**What the exercise asks:** Would you repeat exactly the part of the listing below that runs from the line containing "#207=ORIENTED_EDGE('',*,*,#168,.T.);" down to the line containing "#213=DIRECTION('',(0.,0.,1.));", inclusive, and nothing else?

**Given entries:**
+++

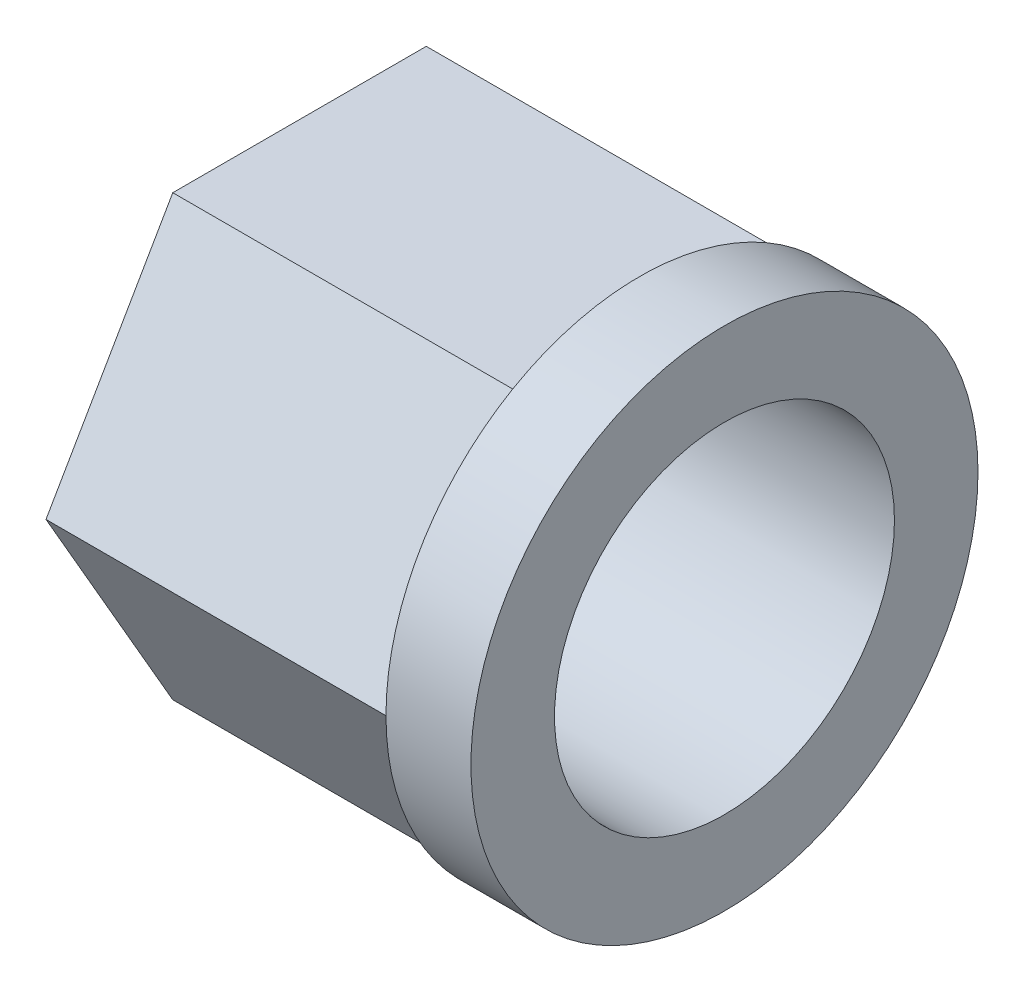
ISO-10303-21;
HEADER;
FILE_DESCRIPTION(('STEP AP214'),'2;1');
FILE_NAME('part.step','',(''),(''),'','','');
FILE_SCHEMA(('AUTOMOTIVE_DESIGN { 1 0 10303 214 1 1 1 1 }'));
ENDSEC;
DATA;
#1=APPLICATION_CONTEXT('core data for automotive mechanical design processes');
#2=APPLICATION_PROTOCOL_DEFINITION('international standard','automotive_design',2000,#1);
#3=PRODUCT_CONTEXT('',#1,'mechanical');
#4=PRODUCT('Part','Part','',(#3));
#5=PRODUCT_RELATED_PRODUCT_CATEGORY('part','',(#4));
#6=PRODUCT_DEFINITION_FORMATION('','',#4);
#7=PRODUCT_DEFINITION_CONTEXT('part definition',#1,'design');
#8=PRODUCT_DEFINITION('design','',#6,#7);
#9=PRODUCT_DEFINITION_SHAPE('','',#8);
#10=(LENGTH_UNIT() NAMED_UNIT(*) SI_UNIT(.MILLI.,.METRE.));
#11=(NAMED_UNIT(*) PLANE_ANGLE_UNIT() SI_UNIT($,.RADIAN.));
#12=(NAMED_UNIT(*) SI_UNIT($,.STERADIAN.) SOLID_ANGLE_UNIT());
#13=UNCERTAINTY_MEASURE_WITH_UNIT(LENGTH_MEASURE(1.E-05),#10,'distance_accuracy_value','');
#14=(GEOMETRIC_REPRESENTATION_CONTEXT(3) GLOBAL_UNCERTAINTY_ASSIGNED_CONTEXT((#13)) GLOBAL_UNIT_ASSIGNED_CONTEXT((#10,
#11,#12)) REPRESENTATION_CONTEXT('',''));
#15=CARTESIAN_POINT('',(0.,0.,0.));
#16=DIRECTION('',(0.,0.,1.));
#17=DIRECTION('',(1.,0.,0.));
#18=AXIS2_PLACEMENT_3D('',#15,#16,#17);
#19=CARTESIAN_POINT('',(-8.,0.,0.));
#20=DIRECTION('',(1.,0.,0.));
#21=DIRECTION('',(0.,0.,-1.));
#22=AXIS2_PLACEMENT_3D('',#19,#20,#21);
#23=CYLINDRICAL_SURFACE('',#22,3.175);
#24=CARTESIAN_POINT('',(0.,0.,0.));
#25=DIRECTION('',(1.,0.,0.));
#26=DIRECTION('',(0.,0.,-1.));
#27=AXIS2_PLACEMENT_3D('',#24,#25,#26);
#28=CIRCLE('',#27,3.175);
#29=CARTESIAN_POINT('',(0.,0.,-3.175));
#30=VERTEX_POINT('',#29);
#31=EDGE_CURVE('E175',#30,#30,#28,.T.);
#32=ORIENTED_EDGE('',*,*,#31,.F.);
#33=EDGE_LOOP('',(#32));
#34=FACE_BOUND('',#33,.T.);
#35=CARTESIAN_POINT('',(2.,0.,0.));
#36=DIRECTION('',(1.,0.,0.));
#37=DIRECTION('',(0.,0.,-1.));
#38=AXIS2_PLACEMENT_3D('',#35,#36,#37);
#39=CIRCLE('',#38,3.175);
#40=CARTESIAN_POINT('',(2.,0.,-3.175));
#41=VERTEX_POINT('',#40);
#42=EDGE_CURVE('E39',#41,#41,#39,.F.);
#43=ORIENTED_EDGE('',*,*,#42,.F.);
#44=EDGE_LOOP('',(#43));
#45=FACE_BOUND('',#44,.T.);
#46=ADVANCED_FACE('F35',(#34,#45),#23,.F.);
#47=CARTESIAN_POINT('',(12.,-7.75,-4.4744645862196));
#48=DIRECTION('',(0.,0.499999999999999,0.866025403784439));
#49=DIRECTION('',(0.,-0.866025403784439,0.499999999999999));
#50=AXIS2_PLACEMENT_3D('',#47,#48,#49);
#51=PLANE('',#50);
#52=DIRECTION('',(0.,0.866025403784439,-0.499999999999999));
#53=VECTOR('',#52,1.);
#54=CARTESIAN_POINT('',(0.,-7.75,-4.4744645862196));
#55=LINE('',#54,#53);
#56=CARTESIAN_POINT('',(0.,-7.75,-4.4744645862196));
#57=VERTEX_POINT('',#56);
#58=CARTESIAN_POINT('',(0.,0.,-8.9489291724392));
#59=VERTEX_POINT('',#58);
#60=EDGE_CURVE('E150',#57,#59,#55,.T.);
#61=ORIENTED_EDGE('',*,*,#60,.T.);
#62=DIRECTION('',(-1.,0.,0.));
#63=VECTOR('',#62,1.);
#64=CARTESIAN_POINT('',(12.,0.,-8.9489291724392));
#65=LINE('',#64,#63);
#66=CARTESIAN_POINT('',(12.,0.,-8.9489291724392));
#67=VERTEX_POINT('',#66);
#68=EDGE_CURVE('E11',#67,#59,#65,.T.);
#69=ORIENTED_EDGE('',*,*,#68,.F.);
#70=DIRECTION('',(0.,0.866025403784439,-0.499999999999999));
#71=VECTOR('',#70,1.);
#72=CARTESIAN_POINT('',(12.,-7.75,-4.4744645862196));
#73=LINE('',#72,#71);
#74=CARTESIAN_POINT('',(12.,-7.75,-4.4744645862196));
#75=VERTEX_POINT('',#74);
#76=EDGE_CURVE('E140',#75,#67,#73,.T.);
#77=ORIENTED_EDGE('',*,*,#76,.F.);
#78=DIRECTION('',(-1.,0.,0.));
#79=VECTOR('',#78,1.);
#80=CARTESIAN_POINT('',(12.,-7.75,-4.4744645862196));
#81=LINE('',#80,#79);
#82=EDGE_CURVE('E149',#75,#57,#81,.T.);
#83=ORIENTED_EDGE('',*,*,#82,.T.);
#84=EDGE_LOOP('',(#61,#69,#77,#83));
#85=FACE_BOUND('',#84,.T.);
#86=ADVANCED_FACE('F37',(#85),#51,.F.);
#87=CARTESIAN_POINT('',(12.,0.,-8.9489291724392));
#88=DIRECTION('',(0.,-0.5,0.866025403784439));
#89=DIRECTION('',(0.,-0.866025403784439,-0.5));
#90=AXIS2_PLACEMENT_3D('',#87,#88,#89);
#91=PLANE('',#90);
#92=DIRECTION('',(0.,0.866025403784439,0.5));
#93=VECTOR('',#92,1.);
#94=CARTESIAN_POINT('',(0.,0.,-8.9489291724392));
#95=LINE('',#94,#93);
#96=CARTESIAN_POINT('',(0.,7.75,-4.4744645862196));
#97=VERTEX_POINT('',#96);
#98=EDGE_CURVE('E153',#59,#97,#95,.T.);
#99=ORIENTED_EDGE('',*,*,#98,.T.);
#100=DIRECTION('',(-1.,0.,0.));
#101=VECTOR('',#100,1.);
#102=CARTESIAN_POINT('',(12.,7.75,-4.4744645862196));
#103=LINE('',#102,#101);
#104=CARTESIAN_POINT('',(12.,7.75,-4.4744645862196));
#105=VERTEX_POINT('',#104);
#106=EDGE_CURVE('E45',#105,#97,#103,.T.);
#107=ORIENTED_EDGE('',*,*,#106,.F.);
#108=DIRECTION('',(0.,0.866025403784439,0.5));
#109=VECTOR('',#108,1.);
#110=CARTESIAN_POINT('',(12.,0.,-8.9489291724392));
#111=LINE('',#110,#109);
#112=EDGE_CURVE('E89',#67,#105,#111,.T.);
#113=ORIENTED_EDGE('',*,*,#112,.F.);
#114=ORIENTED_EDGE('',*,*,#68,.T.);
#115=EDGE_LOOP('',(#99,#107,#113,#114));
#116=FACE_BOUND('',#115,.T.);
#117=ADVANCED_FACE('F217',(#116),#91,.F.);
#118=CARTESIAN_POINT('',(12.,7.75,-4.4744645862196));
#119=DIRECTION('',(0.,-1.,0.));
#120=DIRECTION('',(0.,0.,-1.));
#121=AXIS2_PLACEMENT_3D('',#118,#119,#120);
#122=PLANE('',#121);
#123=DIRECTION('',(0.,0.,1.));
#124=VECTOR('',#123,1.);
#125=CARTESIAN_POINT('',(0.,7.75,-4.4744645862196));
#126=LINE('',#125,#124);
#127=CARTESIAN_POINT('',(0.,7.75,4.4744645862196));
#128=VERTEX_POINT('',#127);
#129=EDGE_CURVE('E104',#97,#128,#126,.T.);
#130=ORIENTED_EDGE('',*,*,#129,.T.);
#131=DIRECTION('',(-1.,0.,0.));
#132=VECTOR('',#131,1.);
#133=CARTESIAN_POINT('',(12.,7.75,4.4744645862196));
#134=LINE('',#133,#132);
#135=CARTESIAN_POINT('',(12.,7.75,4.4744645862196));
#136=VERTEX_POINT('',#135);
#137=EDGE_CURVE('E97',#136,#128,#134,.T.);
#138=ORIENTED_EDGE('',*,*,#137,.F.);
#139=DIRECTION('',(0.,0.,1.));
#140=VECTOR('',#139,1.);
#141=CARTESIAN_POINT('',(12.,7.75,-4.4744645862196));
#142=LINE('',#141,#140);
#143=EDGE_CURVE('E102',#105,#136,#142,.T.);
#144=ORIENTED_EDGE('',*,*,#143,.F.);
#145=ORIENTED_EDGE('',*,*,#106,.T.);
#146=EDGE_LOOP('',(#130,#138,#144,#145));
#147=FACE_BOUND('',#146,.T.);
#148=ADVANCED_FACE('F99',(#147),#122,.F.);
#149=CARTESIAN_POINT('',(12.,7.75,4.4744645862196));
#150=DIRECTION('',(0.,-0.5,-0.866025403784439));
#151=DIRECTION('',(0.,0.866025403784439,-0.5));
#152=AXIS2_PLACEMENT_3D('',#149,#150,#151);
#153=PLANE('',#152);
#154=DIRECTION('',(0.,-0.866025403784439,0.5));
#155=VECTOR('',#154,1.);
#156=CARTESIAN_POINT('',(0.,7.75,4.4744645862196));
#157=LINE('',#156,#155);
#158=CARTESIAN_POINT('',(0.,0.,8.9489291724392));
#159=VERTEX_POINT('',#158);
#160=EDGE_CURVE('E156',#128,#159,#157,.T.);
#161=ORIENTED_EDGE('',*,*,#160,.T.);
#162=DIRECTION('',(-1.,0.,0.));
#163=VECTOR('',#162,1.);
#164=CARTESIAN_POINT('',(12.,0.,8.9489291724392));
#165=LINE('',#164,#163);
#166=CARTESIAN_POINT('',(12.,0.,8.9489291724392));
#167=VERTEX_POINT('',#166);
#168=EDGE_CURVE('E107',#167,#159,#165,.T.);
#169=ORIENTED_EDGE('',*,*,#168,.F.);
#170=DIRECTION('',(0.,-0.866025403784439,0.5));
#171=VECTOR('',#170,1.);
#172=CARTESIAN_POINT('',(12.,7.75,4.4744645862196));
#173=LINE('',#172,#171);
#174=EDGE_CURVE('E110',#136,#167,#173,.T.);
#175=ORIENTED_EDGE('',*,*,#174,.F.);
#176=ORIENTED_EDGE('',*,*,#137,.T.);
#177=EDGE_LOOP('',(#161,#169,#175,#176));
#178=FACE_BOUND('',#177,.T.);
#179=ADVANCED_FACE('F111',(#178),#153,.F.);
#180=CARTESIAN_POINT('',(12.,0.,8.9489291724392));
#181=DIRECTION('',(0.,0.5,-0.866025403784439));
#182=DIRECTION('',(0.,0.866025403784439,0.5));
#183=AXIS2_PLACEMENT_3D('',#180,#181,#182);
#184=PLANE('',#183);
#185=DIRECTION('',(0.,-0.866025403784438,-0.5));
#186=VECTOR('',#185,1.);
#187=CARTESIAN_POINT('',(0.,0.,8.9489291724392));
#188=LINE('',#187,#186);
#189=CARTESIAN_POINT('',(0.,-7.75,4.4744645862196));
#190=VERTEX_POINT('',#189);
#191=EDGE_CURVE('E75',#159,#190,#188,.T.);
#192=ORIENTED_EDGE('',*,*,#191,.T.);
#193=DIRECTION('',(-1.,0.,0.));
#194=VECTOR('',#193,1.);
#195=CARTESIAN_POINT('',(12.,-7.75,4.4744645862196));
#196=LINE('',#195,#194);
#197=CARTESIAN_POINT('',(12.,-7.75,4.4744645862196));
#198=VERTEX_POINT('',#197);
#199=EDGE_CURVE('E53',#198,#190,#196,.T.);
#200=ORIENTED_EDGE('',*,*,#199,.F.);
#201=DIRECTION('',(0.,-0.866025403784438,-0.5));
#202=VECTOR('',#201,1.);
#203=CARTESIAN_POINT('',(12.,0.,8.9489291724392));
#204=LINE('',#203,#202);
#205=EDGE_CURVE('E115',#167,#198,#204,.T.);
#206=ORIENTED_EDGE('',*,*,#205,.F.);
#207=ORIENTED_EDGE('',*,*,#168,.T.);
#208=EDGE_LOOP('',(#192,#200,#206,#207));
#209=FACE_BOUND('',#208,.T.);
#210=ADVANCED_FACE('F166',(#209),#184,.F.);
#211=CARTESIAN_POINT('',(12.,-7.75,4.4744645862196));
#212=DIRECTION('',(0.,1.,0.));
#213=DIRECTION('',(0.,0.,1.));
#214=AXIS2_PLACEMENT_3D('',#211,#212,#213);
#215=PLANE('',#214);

+++

**Output below:**
#207=ORIENTED_EDGE('',*,*,#168,.T.);
#208=EDGE_LOOP('',(#192,#200,#206,#207));
#209=FACE_BOUND('',#208,.T.);
#210=ADVANCED_FACE('F166',(#209),#184,.F.);
#211=CARTESIAN_POINT('',(12.,-7.75,4.4744645862196));
#212=DIRECTION('',(0.,1.,0.));
#213=DIRECTION('',(0.,0.,1.));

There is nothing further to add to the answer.